Lukas also confirmed that he is running simultaneous tests himself.
Choose the right strategy
We want to run more tests, but we also want the results to be accurate. So what are the options that we have available to us? Matt Gershoff has done a great job explaining the options here, related article also on the Maximyser blog. I’m summarizing the 3 main strategies you should choose from:
1. Run multiple separate tests
Unless you suspect extreme interactions and huge overlap between tests, this is going to be OK. You’re probably fine to do it, especially if what you test is not paradigm-changing stuff and there’s little overlap.
2. Mutually exclusive tests
Most testing tools give you the option to run mutually exclusive tests, so people wouldn’t be part of more than 1 test. The reason you’d want to do this is to eliminate noise or bias from your results. The possible downside is that it might be more complex to set this kind of tests up, and it will slow down your testing as you’ll need adequate sample size for each of these tests.
3. Combine multiple tests into one, run as MVT
If you suspect strong interaction between tests, it might be better to better to combine those tests together, and run as a MVT. This option makes sense if the tests you were going to run measure the same goal (e.g. purchase), they’re in the same flow (e.g. running tests on each of the multi-step checkout steps), and you planned to run them for the same duration.

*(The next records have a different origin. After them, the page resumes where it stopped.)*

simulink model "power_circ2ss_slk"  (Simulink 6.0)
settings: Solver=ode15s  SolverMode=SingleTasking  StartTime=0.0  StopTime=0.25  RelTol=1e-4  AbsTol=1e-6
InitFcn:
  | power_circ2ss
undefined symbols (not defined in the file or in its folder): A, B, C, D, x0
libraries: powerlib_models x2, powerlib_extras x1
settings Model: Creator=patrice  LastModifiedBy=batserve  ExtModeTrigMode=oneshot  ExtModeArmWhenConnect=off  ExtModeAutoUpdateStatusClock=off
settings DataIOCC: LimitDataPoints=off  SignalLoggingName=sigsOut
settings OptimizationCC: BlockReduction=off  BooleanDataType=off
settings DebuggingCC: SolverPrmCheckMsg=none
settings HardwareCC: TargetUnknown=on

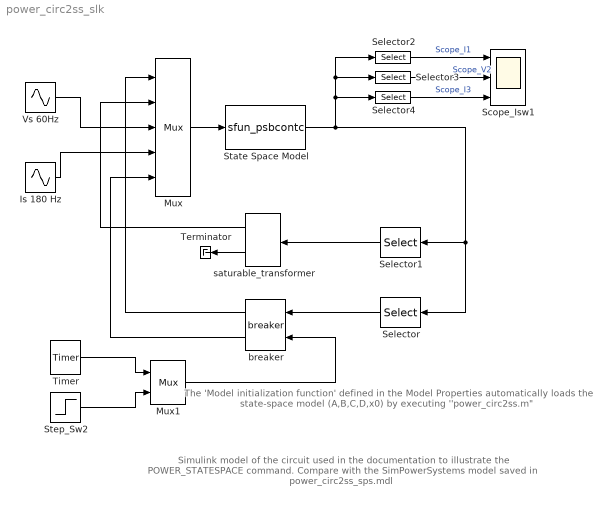
== system power_circ2ss_slk ==
  note: The 'Model  initialization function' defined in the
      | Model Properties automatically
      | loads the state-space model (A,B,C,D,x0)
      | by executing  ''power_circ2ss.m"
  note: Simulink model of the circuit used in the documentation to illustrate the POWER_STATESPACE command.
      | Compare with the SimPowerSystems model saved in power_circ2ss_sps.mdl
  Is 180 Hz : Sin  Amplitude=2  Frequency=2*pi*180  Phase=-30*pi/180  SampleTime=0
  Mux : Mux  Inputs=[2 1 1 1 2]
  Mux1 : Mux  Inputs=2
  Scope_Isw1 : Scope  NumInputPorts=3
      settings: TickLabels=on  TimeRange=0.25  YMin=-15~-400~-400  YMax=10~200~200  DataFormat=Array
  Selector : Selector  Orientation=left  Elements=[1 2]  InputPortWidth=8
  Selector1 : Selector  Orientation=left  Elements=5  InputPortWidth=8
  Selector2 : Selector  Elements=6  InputPortWidth=8
  Selector3 : Selector  Elements=7  InputPortWidth=8
  Selector4 : Selector  Elements=8  InputPortWidth=8
  State Space Model : S-Function  FunctionName=sfun_psbcontc  Parameters=A,B,C,D,x0, [0.01; 0.1], [0 0]
  Step_Sw2 : Step  Time=0.05  SampleTime=0
  Terminator : Terminator
  Timer : powerlib_extras/Control  Blocks/Timer  t=[0 100e-3 130e-3]  e=[1 0 1 ]
  Vs 60Hz : Sin  Amplitude=100  Frequency=2*pi*60  SampleTime=0
  breaker : powerlib_models/Continuous/breaker  Orientation=left  Nsw=2  istate=[1 0]  Rsw=[0.01 0.1]
  saturable_transformer : powerlib_models/Continuous/saturable_transformer  Orientation=left  SaturationFlux=[-0.4877 -0.4502 0.4502 0.4877]  SaturationCurrent=[-141.4 -0.1414 0.1414 141.4]  InitialFlux=-0.2707
  wires:
  Mux/1 -> State Space Model/1
  Step_Sw2/1 -> Mux1/2
  Mux1/1 -> breaker/2
  Timer/1 -> Mux1/1
  breaker/1 -> Mux/1
  saturable_transformer/1 -> Mux/2
  Vs 60Hz/1 -> Mux/3
  Is 180 Hz/1 -> Mux/4
  breaker/2 -> Mux/5
  Selector/1 -> breaker/1
  Selector1/1 -> saturable_transformer/1
  State Space Model/1 -> Selector/1, Selector1/1, Selector2/1, Selector3/1, Selector4/1
  Selector2/1 -> Scope_Isw1/1  "Scope_I1"
  Selector3/1 -> Scope_Isw1/2  "Scope_V2"
  Selector4/1 -> Scope_Isw1/3  "Scope_I3"
  saturable_transformer/2 -> Terminator/1
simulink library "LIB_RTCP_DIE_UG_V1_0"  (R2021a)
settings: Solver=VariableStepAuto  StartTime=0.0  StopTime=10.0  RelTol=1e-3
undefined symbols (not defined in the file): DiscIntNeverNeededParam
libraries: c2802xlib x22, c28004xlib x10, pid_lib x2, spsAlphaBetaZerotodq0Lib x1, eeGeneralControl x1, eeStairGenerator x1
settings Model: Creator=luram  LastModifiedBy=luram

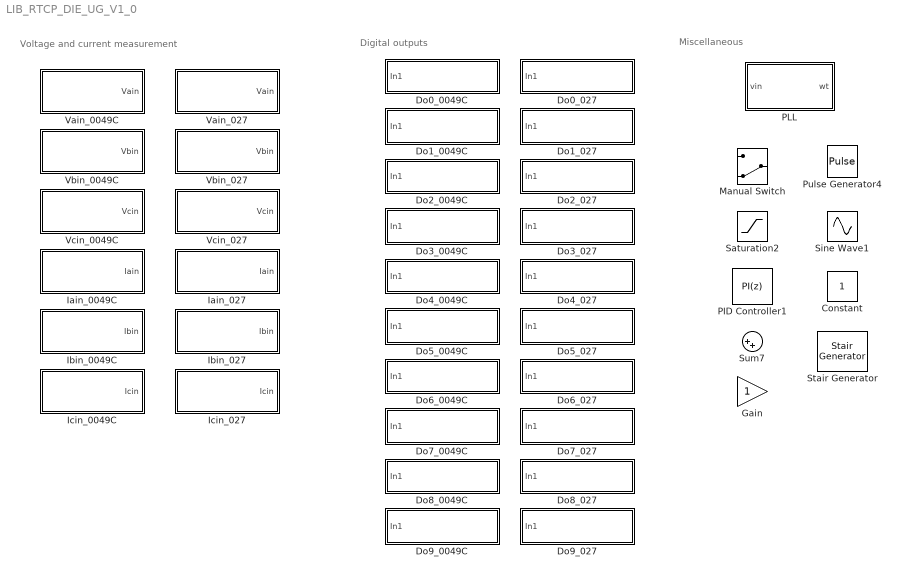
== system LIB_RTCP_DIE_UG_V1_0 ==
  note: Miscellaneous
  note: Digital outputs
  note: Voltage and current measurement
  Constant : Constant
  Do0_0049C : Subsystem
      mask Display: disp('\muC (boolean) --> Dout', 'texmode','on')
  Do0_027 : Subsystem
      mask Display: disp('\muC (boolean) --> Dout', 'texmode','on')
  Do1_0049C : Subsystem
      mask Display: disp('\muC (boolean) --> Dout', 'texmode','on')
  Do1_027 : Subsystem
      mask Display: disp('\muC (boolean) --> Dout', 'texmode','on')
  Do2_0049C : Subsystem
      mask Display: disp('\muC (boolean) --> Dout', 'texmode','on')
  Do2_027 : Subsystem
      mask Display: disp('\muC (boolean) --> Dout', 'texmode','on')
  Do3_0049C : Subsystem
      mask Display: disp('\muC (boolean) --> Dout', 'texmode','on')
  Do3_027 : Subsystem
      mask Display: disp('\muC (boolean) --> Dout', 'texmode','on')
  Do4_0049C : Subsystem
      mask Display: disp('\muC (boolean) --> Dout', 'texmode','on')
  Do4_027 : Subsystem
      mask Display: disp('\muC (boolean) --> Dout', 'texmode','on')
  Do5_0049C : Subsystem
      mask Display: disp('\muC (boolean) --> Dout', 'texmode','on')
  Do5_027 : Subsystem
      mask Display: disp('\muC (boolean) --> Dout', 'texmode','on')
  Do6_0049C : Subsystem
      mask Display: disp('\muC (boolean) --> Dout', 'texmode','on')
  Do6_027 : Subsystem
      mask Display: disp('\muC (boolean) --> Dout', 'texmode','on')
  Do7_0049C : Subsystem
      mask Display: disp('\muC (boolean) --> Dout', 'texmode','on')
  Do7_027 : Subsystem
      mask Display: disp('\muC (boolean) --> Dout', 'texmode','on')
  Do8_0049C : Subsystem
      mask Display: disp('\muC (boolean) --> Dout', 'texmode','on')
  Do8_027 : Subsystem
      mask Display: disp('\muC (boolean) --> Dout', 'texmode','on')
  Do9_0049C : Subsystem
      mask Display: disp('\muC (boolean) --> Dout', 'texmode','on')
  Do9_027 : Subsystem
      mask Display: disp('\muC (boolean) --> Dout', 'texmode','on')
  Gain : Gain
  Iain_0049C : Subsystem  mask(Voltage sensor){Off=0.15, AQPSv=50, Ts=1e-4}
      mask prompts: Off "Offset"; AQPSv "Adquisition"
      mask help:
      | R1=330;
      | R2=300e3;
      | Gain=8.2;
      | R2d=2000;
      | R1d=3000;
      |
      | GananciaAnV=R2d/R1d*Gain*R1/(R1+R2);
      | VtoD=GananciaAnV*4096/3.3;
      | DtoV=1/VtoD;
      mask init:
      | Gain=8.2;
      | R2d=2000;
      | R1d=3000;
      | 
      | Rs=0.02;
      | GananciaAnI=R2d/R1d*Gain*Rs;
      | ItoD=GananciaAnI*4096/3.3;
      | DtoI=1/ItoD;
      mask Help:
      | R1=330;
      | R2=300e3;
      | Gain=8.2;
      | R2d=2000;
      | R1d=3000;
      | 
      | GananciaAnV=R2d/R1d*Gain*R1/(R1+R2);
      | VtoD=GananciaAnV*4096/3.3;
      | DtoV=1/VtoD;
      mask Display: disp('Iin  --> \muC (single) ', 'texmode','on')
  Iain_027 : Subsystem  mask(Voltage sensor){Off=0.15, AQPSv=50, Ts=1e-4}
      mask prompts: Off "Offset"; AQPSv "Adquisition"
      mask help:
      | R1=330;
      | R2=300e3;
      | Gain=8.2;
      | R2d=2000;
      | R1d=3000;
      |
      | GananciaAnV=R2d/R1d*Gain*R1/(R1+R2);
      | VtoD=GananciaAnV*4096/3.3;
      | DtoV=1/VtoD;
      mask init:
      | Gain=8.2;
      | R2d=2000;
      | R1d=3000;
      | 
      | Rs=0.02;
      | GananciaAnI=R2d/R1d*Gain*Rs;
      | ItoD=GananciaAnI*4096/3.3;
      | DtoI=1/ItoD;
      mask Help:
      | R1=330;
      | R2=300e3;
      | Gain=8.2;
      | R2d=2000;
      | R1d=3000;
      | 
      | GananciaAnV=R2d/R1d*Gain*R1/(R1+R2);
      | VtoD=GananciaAnV*4096/3.3;
      | DtoV=1/VtoD;
      mask Display: disp('Iin  --> \muC (single) ', 'texmode','on')
  Ibin_0049C : Subsystem  mask(Voltage sensor){Off=0.15, AQPSv=50, Ts=1e-4}
      mask prompts: Off "Offset"; AQPSv "Adquisition"
      mask help:
      | R1=330;
      | R2=300e3;
      | Gain=8.2;
      | R2d=2000;
      | R1d=3000;
      |
      | GananciaAnV=R2d/R1d*Gain*R1/(R1+R2);
      | VtoD=GananciaAnV*4096/3.3;
      | DtoV=1/VtoD;
      mask init:
      | Gain=8.2;
      | R2d=2000;
      | R1d=3000;
      | 
      | Rs=0.02;
      | GananciaAnI=R2d/R1d*Gain*Rs;
      | ItoD=GananciaAnI*4096/3.3;
      | DtoI=1/ItoD;
      mask Help:
      | R1=330;
      | R2=300e3;
      | Gain=8.2;
      | R2d=2000;
      | R1d=3000;
      | 
      | GananciaAnV=R2d/R1d*Gain*R1/(R1+R2);
      | VtoD=GananciaAnV*4096/3.3;
      | DtoV=1/VtoD;
      mask Display: disp('Iin  --> \muC (single) ', 'texmode','on')
  Ibin_027 : Subsystem  mask(Voltage sensor){Off=0.15, AQPSv=50, Ts=1e-4}
      mask prompts: Off "Offset"; AQPSv "Adquisition"
      mask help:
      | R1=330;
      | R2=300e3;
      | Gain=8.2;
      | R2d=2000;
      | R1d=3000;
      |
      | GananciaAnV=R2d/R1d*Gain*R1/(R1+R2);
      | VtoD=GananciaAnV*4096/3.3;
      | DtoV=1/VtoD;
      mask init:
      | Gain=8.2;
      | R2d=2000;
      | R1d=3000;
      | 
      | Rs=0.02;
      | GananciaAnI=R2d/R1d*Gain*Rs;
      | ItoD=GananciaAnI*4096/3.3;
      | DtoI=1/ItoD;
      mask Help:
      | R1=330;
      | R2=300e3;
      | Gain=8.2;
      | R2d=2000;
      | R1d=3000;
      | 
      | GananciaAnV=R2d/R1d*Gain*R1/(R1+R2);
      | VtoD=GananciaAnV*4096/3.3;
      | DtoV=1/VtoD;
      mask Display: disp('Iin  --> \muC (single) ', 'texmode','on')
  Icin_0049C : Subsystem  mask(Voltage sensor){Off=0.15, AQPSv=50, Ts=1e-4}
      mask prompts: Off "Offset"; AQPSv "Adquisition"
      mask help:
      | R1=330;
      | R2=300e3;
      | Gain=8.2;
      | R2d=2000;
      | R1d=3000;
      |
      | GananciaAnV=R2d/R1d*Gain*R1/(R1+R2);
      | VtoD=GananciaAnV*4096/3.3;
      | DtoV=1/VtoD;
      mask init:
      | Gain=8.2;
      | R2d=2000;
      | R1d=3000;
      | 
      | Rs=0.02;
      | GananciaAnI=R2d/R1d*Gain*Rs;
      | ItoD=GananciaAnI*4096/3.3;
      | DtoI=1/ItoD;
      mask Help:
      | R1=330;
      | R2=300e3;
      | Gain=8.2;
      | R2d=2000;
      | R1d=3000;
      | 
      | GananciaAnV=R2d/R1d*Gain*R1/(R1+R2);
      | VtoD=GananciaAnV*4096/3.3;
      | DtoV=1/VtoD;
      mask Display: disp('Iin  --> \muC (single) ', 'texmode','on')
  Icin_027 : Subsystem  mask(Voltage sensor){Off=0.15, AQPSv=50, Ts=1e-4}
      mask prompts: Off "Offset"; AQPSv "Adquisition"
      mask help:
      | R1=330;
      | R2=300e3;
      | Gain=8.2;
      | R2d=2000;
      | R1d=3000;
      |
      | GananciaAnV=R2d/R1d*Gain*R1/(R1+R2);
      | VtoD=GananciaAnV*4096/3.3;
      | DtoV=1/VtoD;
      mask init:
      | Gain=8.2;
      | R2d=2000;
      | R1d=3000;
      | 
      | Rs=0.02;
      | GananciaAnI=R2d/R1d*Gain*Rs;
      | ItoD=GananciaAnI*4096/3.3;
      | DtoI=1/ItoD;
      mask Help:
      | R1=330;
      | R2=300e3;
      | Gain=8.2;
      | R2d=2000;
      | R1d=3000;
      | 
      | GananciaAnV=R2d/R1d*Gain*R1/(R1+R2);
      | VtoD=GananciaAnV*4096/3.3;
      | DtoV=1/VtoD;
      mask Display: disp('Iin  --> \muC (single) ', 'texmode','on')
  Manual Switch : ManualSwitch  CurrentSetting=0
  PID Controller1 : pid_lib/PID Controller  Controller=PI  Form=Parallel  TimeDomain=Discrete-time  UseExternalTs=off  SampleTime=1e-5  IntegratorMethod=Forward Euler  FilterMethod=Forward Euler  ControllerParametersSource=internal  P=1  I=1  D=0  UseFilter=on  N=100  TunerSelectOption=Transfer Function Based (PID Tuner App)  InitialConditionSource=internal  InitialConditionForIntegrator=0  InitialConditionForFilter=0  DifferentiatorICPrevScaledInput=0  ExternalReset=none  TrackingMode=off  Kt=1  LimitOutput=on  SatLimitsSource=internal  UpperSaturationLimit=1  LowerSaturationLimit=-1  LinearizeAsGain=on  AntiWindupMode=none  Kb=1  POutMin=[]  POutMax=[]  IOutMin=[]  IOutMax=[]  DOutMin=[]  DOutMax=[]  NOutMin=[]  NOutMax=[]  SumOutMin=[]  SumOutMax=[]  SaturationOutMin=[]  SaturationOutMax=[]  PParamMin=[]  PParamMax=[]  IParamMin=[]  IParamMax=[]  DParamMin=[]  DParamMax=[]  NParamMin=[]  NParamMax=[]  KbParamMin=[]  KbParamMax=[]  KtParamMin=[]  KtParamMax=[]  KbOutMin=[]  KbOutMax=[]  KtOutMin=[]  KtOutMax=[]  IntegratorOutMin=[]  IntegratorOutMax=[]  FilterOutMin=[]  FilterOutMax=[]  SumI1OutMin=[]  SumI1OutMax=[]  SumI2OutMin=[]  SumI2OutMax=[]  SumI3OutMin=[]  SumI3OutMax=[]  SumI4OutMin=[]  SumI4OutMax=[]  SumDOutMin=[]  SumDOutMax=[]  DifferentiatorOutMin=[]  DifferentiatorOutMax=[]  FilterDiffOutCoefMin=[]  FilterDiffOutCoefMax=[]  ReciprocalOutMin=[]  ReciprocalOutMax=[]  SumDenOutMin=[]  SumDenOutMax=[]  SumNumOutMin=[]  SumNumOutMax=[]  DivideOutMin=[]  DivideOutMax=[]  UdiffTsProdOutMin=[]  UdiffTsProdOutMax=[]  NTsProdOutMin=[]  NTsProdOutMax=[]  UintegralTsProdOutMin=[]  UintegralTsProdOutMax=[]  UngainTsProdOutMin=[]  UngainTsProdOutMax=[]  IntegratorContinuousStateAttributes=''  IntegratorStateMustResolveToSignalObject=off  IntegratorRTWStateStorageClass=Auto  FilterContinuousStateAttributes=''  FilterStateMustResolveToSignalObject=off  FilterRTWStateStorageClass=Auto  ParallelPVariant=InternalParameters  IdealPVariant=Disabled  IVariant=InternalParameters  DVariant=Disabled  IntegratorVariant=Discrete  SatVariant=Enabled  AWVariant=Passthrough  PCopyVariant=Disabled  TRVariant=Disabled  FdbkBlocksVariant=Forward  IdealPFdbkVariant=Disabled  SatFdbkVariant=Disabled  DerivativeFilterVariant=Disabled  NVariant=Disabled  NCopyVariant=Disabled_SignalSpec  FilterICVariant=Disabled  IntegratorICVariant=InternalICs  ExternalResetVariant=Disabled  TRSumVariant=Passthrough  SumFdbkVariant=Disabled  SumVariant=Sum_PI  TsampFilterVariant=InternalTs  TsampNgainVariant=Passthrough  TsampIntegralVariant=Passthrough  ExternalSaturationOutDataTypeStr=Inherit: Same as second input
  PLL : Subsystem  mask{Ffun=60, Ts=-1}
      mask prompts: Ffun "Fundamental Frequency"
      mask Display: disp('In  --> wt ', 'texmode','on')
  Pulse Generator4 : DiscretePulseGenerator  PulseType=Time based  Period=0.6  PulseWidth=50
  Saturation2 : Saturate  UpperLimit=4900  LowerLimit=100
  Sine Wave1 : Sin  Frequency=2*pi*60
  Stair Generator : eeStairGenerator/Stair Generator  LabelModeActiveChoice=Discrete  TimeInput=[0.5 1 3 3.5]  AmplitudeInput=[1 -1 2.5 0]  SampleTime=-1  RepeatPattern=off  OutDataTypeStr=double
      settings: SourceProductBaseCode=PS
  Sum7 : Sum  Inputs=|++
  Vain_0049C : Subsystem  mask(Voltage sensor){Off=3, AQPSv=50, Ts=1e-4}
      mask prompts: Off "Offset"; AQPSv "Adquisition"
      mask help:
      | R1=330;
      | R2=300e3;
      | Gain=8.2;
      | R2d=2000;
      | R1d=3000;
      |
      | GananciaAnV=R2d/R1d*Gain*R1/(R1+R2);
      | VtoD=GananciaAnV*4096/3.3;
      | DtoV=1/VtoD;
      mask init:
      | R1=330;
      | R2=300e3;
      | Gain=8.2;
      | R2d=2000;
      | R1d=3000;
      | 
      | GananciaAnV=R2d/R1d*Gain*R1/(R1+R2);
      | VtoD=GananciaAnV*4096/3.3;
      | DtoV=1/VtoD;
      mask Help:
      | R1=330;
      | R2=300e3;
      | Gain=8.2;
      | R2d=2000;
      | R1d=3000;
      | 
      | GananciaAnV=R2d/R1d*Gain*R1/(R1+R2);
      | VtoD=GananciaAnV*4096/3.3;
      | DtoV=1/VtoD;
      mask Display: disp('Vin  --> \muC (single) ', 'texmode','on')
  Vain_027 : Subsystem  mask(Voltage sensor){Off=3, AQPSv=50, Ts=1e-4}
      mask prompts: Off "Offset"; AQPSv "Adquisition"
      mask help:
      | R1=330;
      | R2=300e3;
      | Gain=8.2;
      | R2d=2000;
      | R1d=3000;
      |
      | GananciaAnV=R2d/R1d*Gain*R1/(R1+R2);
      | VtoD=GananciaAnV*4096/3.3;
      | DtoV=1/VtoD;
      mask init:
      | R1=330;
      | R2=300e3;
      | Gain=8.2;
      | R2d=2000;
      | R1d=3000;
      | 
      | GananciaAnV=R2d/R1d*Gain*R1/(R1+R2);
      | VtoD=GananciaAnV*4096/3.3;
      | DtoV=1/VtoD;
      mask Help:
      | R1=330;
      | R2=300e3;
      | Gain=8.2;
      | R2d=2000;
      | R1d=3000;
      | 
      | GananciaAnV=R2d/R1d*Gain*R1/(R1+R2);
      | VtoD=GananciaAnV*4096/3.3;
      | DtoV=1/VtoD;
      mask Display: disp('Vin  --> \muC (single) ', 'texmode','on')
  Vbin_0049C : Subsystem  mask{Off=3, AQPSv=50, Ts=1e-4}
      mask prompts: Off "Offset"; AQPSv "Adquisition"
      mask init:
      | R1=330;
      | R2=300e3;
      | Gain=8.2;
      | R2d=2000;
      | R1d=3000;
      | 
      | GananciaAnV=R2d/R1d*Gain*R1/(R1+R2);
      | VtoD=GananciaAnV*4096/3.3;
      | DtoV=1/VtoD;
      mask Display: disp('Vin  --> \muC (single) ', 'texmode','on')
  Vbin_027 : Subsystem  mask{Off=3, AQPSv=50, Ts=1e-4}
      mask prompts: Off "Offset"; AQPSv "Adquisition"
      mask init:
      | R1=330;
      | R2=300e3;
      | Gain=8.2;
      | R2d=2000;
      | R1d=3000;
      | 
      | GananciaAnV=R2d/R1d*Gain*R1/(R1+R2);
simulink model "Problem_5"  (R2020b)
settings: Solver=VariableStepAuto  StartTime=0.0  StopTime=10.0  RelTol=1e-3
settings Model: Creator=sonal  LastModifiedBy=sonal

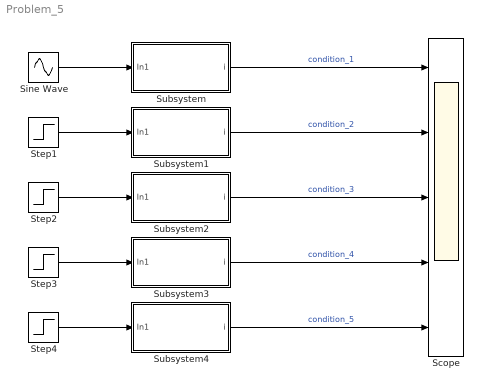
== system Problem_5 ==
  Scope : Scope  NumInputPorts=5
  Sine Wave : Sin  SampleTime=0
  Step1 : Step  Before=2  After=5  SampleTime=0
  Step2 : Step  Time=2  Before=3  After=13  SampleTime=0
  Step3 : Step  Before=4  After=14  SampleTime=0
  Step4 : Step  Before=5  After=15  SampleTime=0
  Subsystem : Subsystem
  Subsystem1 : Subsystem
  Subsystem2 : Subsystem
  Subsystem3 : Subsystem
  Subsystem4 : Subsystem
  wires:
  Sine Wave/1 -> Subsystem/1(In1)
  Step1/1 -> Subsystem1/1(In1)
  Step4/1 -> Subsystem4/1(In1)
  Subsystem1/1(i) -> Scope/2  "condition_2"
  Subsystem3/1(i) -> Scope/4  "condition_4"
  Subsystem4/1(i) -> Scope/5  "condition_5"
  Step2/1 -> Subsystem2/1(In1)
  Subsystem/1(i) -> Scope/1  "condition_1"
  Subsystem2/1(i) -> Scope/3  "condition_3"
  Step3/1 -> Subsystem3/1(In1)

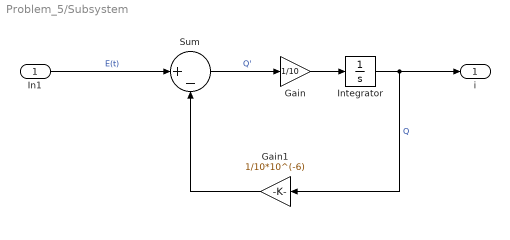
== system Problem_5/Subsystem ==
  In1 : Inport
  Gain : Gain  Gain=1/10
  Gain1 : Gain  Gain=1/10*10^(-6)
  Integrator : Integrator
  Sum : Sum  Inputs=|+-
  i : Outport
  wires:
  In1/1 -> Sum/1  "E(t)"
  Sum/1 -> Gain/1  "Q'"
  Gain1/1 -> Sum/2
  Integrator/1 -> i/1, Gain1/1  "Q"
  Gain/1 -> Integrator/1

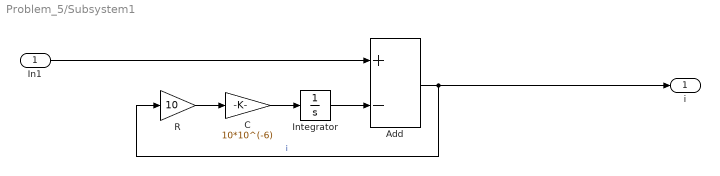
== system Problem_5/Subsystem1 ==
  In1 : Inport
  Add : Sum  Inputs=+-
  C : Gain  Gain=10*10^(-6)
  Integrator : Integrator
  R : Gain  Gain=10
  i : Outport
  wires:
  Add/1 -> R/1, i/1  "i"
  In1/1 -> Add/1
  Integrator/1 -> Add/2
  C/1 -> Integrator/1
  R/1 -> C/1

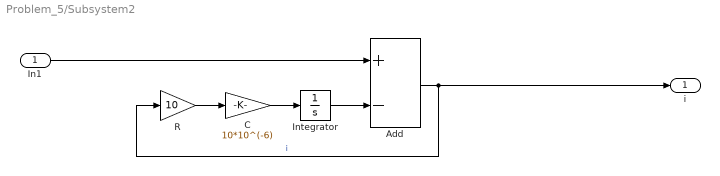
== system Problem_5/Subsystem2 ==
  In1 : Inport
  Add : Sum  Inputs=+-
  C : Gain  Gain=10*10^(-6)
  Integrator : Integrator
  R : Gain  Gain=10
  i : Outport
  wires:
  R/1 -> C/1
  C/1 -> Integrator/1
  Integrator/1 -> Add/2
  In1/1 -> Add/1
  Add/1 -> i/1, R/1  "i"

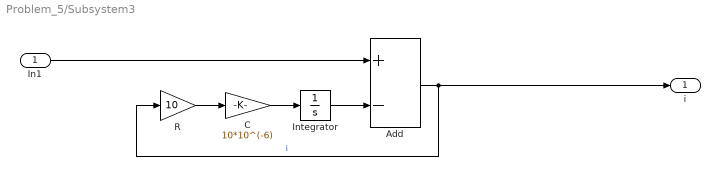
== system Problem_5/Subsystem3 ==
  In1 : Inport
  Add : Sum  Inputs=+-
  C : Gain  Gain=10*10^(-6)
  Integrator : Integrator
  R : Gain  Gain=10
  i : Outport
  wires:
  Add/1 -> R/1, i/1  "i"
  In1/1 -> Add/1
  Integrator/1 -> Add/2
  C/1 -> Integrator/1
  R/1 -> C/1

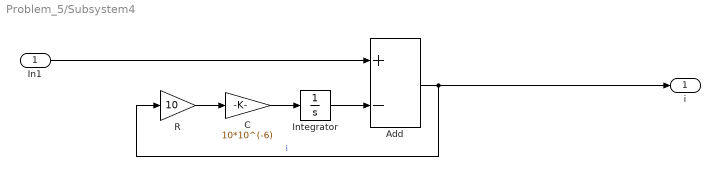
== system Problem_5/Subsystem4 ==
  In1 : Inport
  Add : Sum  Inputs=+-
  C : Gain  Gain=10*10^(-6)
  Integrator : Integrator
  R : Gain  Gain=10
  i : Outport
  wires:
  R/1 -> C/1
  C/1 -> Integrator/1
  Integrator/1 -> Add/2
  In1/1 -> Add/1
  Add/1 -> i/1, R/1  "i"

MVT doesn’t make sense if Test A was going to be about an offer and Test B experimenting with the main navigation – low interaction.
How to balance testing speed and accuracy of results?
Testing speed and accuracy of test results is a trade-off, and there is no single right answer here, although these three experts recommend similar approaches:
Andrew Anderson, Head of Optimization at Malwarebytes
I try to balance the speed with the need for accuracy, especially on large changes. With my current program, if I am doing a large page design test on a major page, I will run that by itself with no other tests. If I am doing more mechanical discovery and exploitation tests, then I will try to time them to maximize total population.
Most of the time I focus on having 1 “large” test with a larger percentage of my traffic and one “small” test which is usually something mechanical like copy testing or presentation tests.
Lukas Vermeer, Data Scientist at Booking.com
There are two speeds to consider: the speed at which you crank out new experiments and the speed at which you run single experiments.
I don’t believe you can ever be too fast on the former; try and test as many things as you can imagine or build.
For the latter, you have to balance certainty of the result with the time spent on a single experiment; the slower you go, the more certainty you will have. How you balance these things depends on the experiment; or more specifically: what depends on the outcome.
Are you testing a simple copy change or stock image or a new business model that might set company direction for the next five years? These two cases require different levels of certainty, and this different speeds.
Matt Gershoff, CEO of Conductrics
If you have a test that is REALLY important, then you make sure you are more careful. It is all about taking educated risk.
So unless there is reason to do otherwise, one should just do what is simple, but we should be aware of all the possibilities even if the more complex cases are fairly rare. This way we can at least be in a position to evaluate if we are ever in one of the more complex situations.
Start with speed/quantity (especially if there’s minimal overlap), and then pick you battles for the more complex problems.
Like with most things in life, there’s no easy, single answer here.
In most cases you will be fine running multiple simultaneous tests, and extreme interactions are unlikely. Unless you’re testing really important stuff (e.g. something that impacts your business model, future of the company), the benefits of testing volume will most likely outweigh the noise in your data and occasional false positives.
If based on your assessment there’s a high risk of interaction between multiple tests, reduce the number of simultaneous tests and/or let the tests run longer for improved accuracy.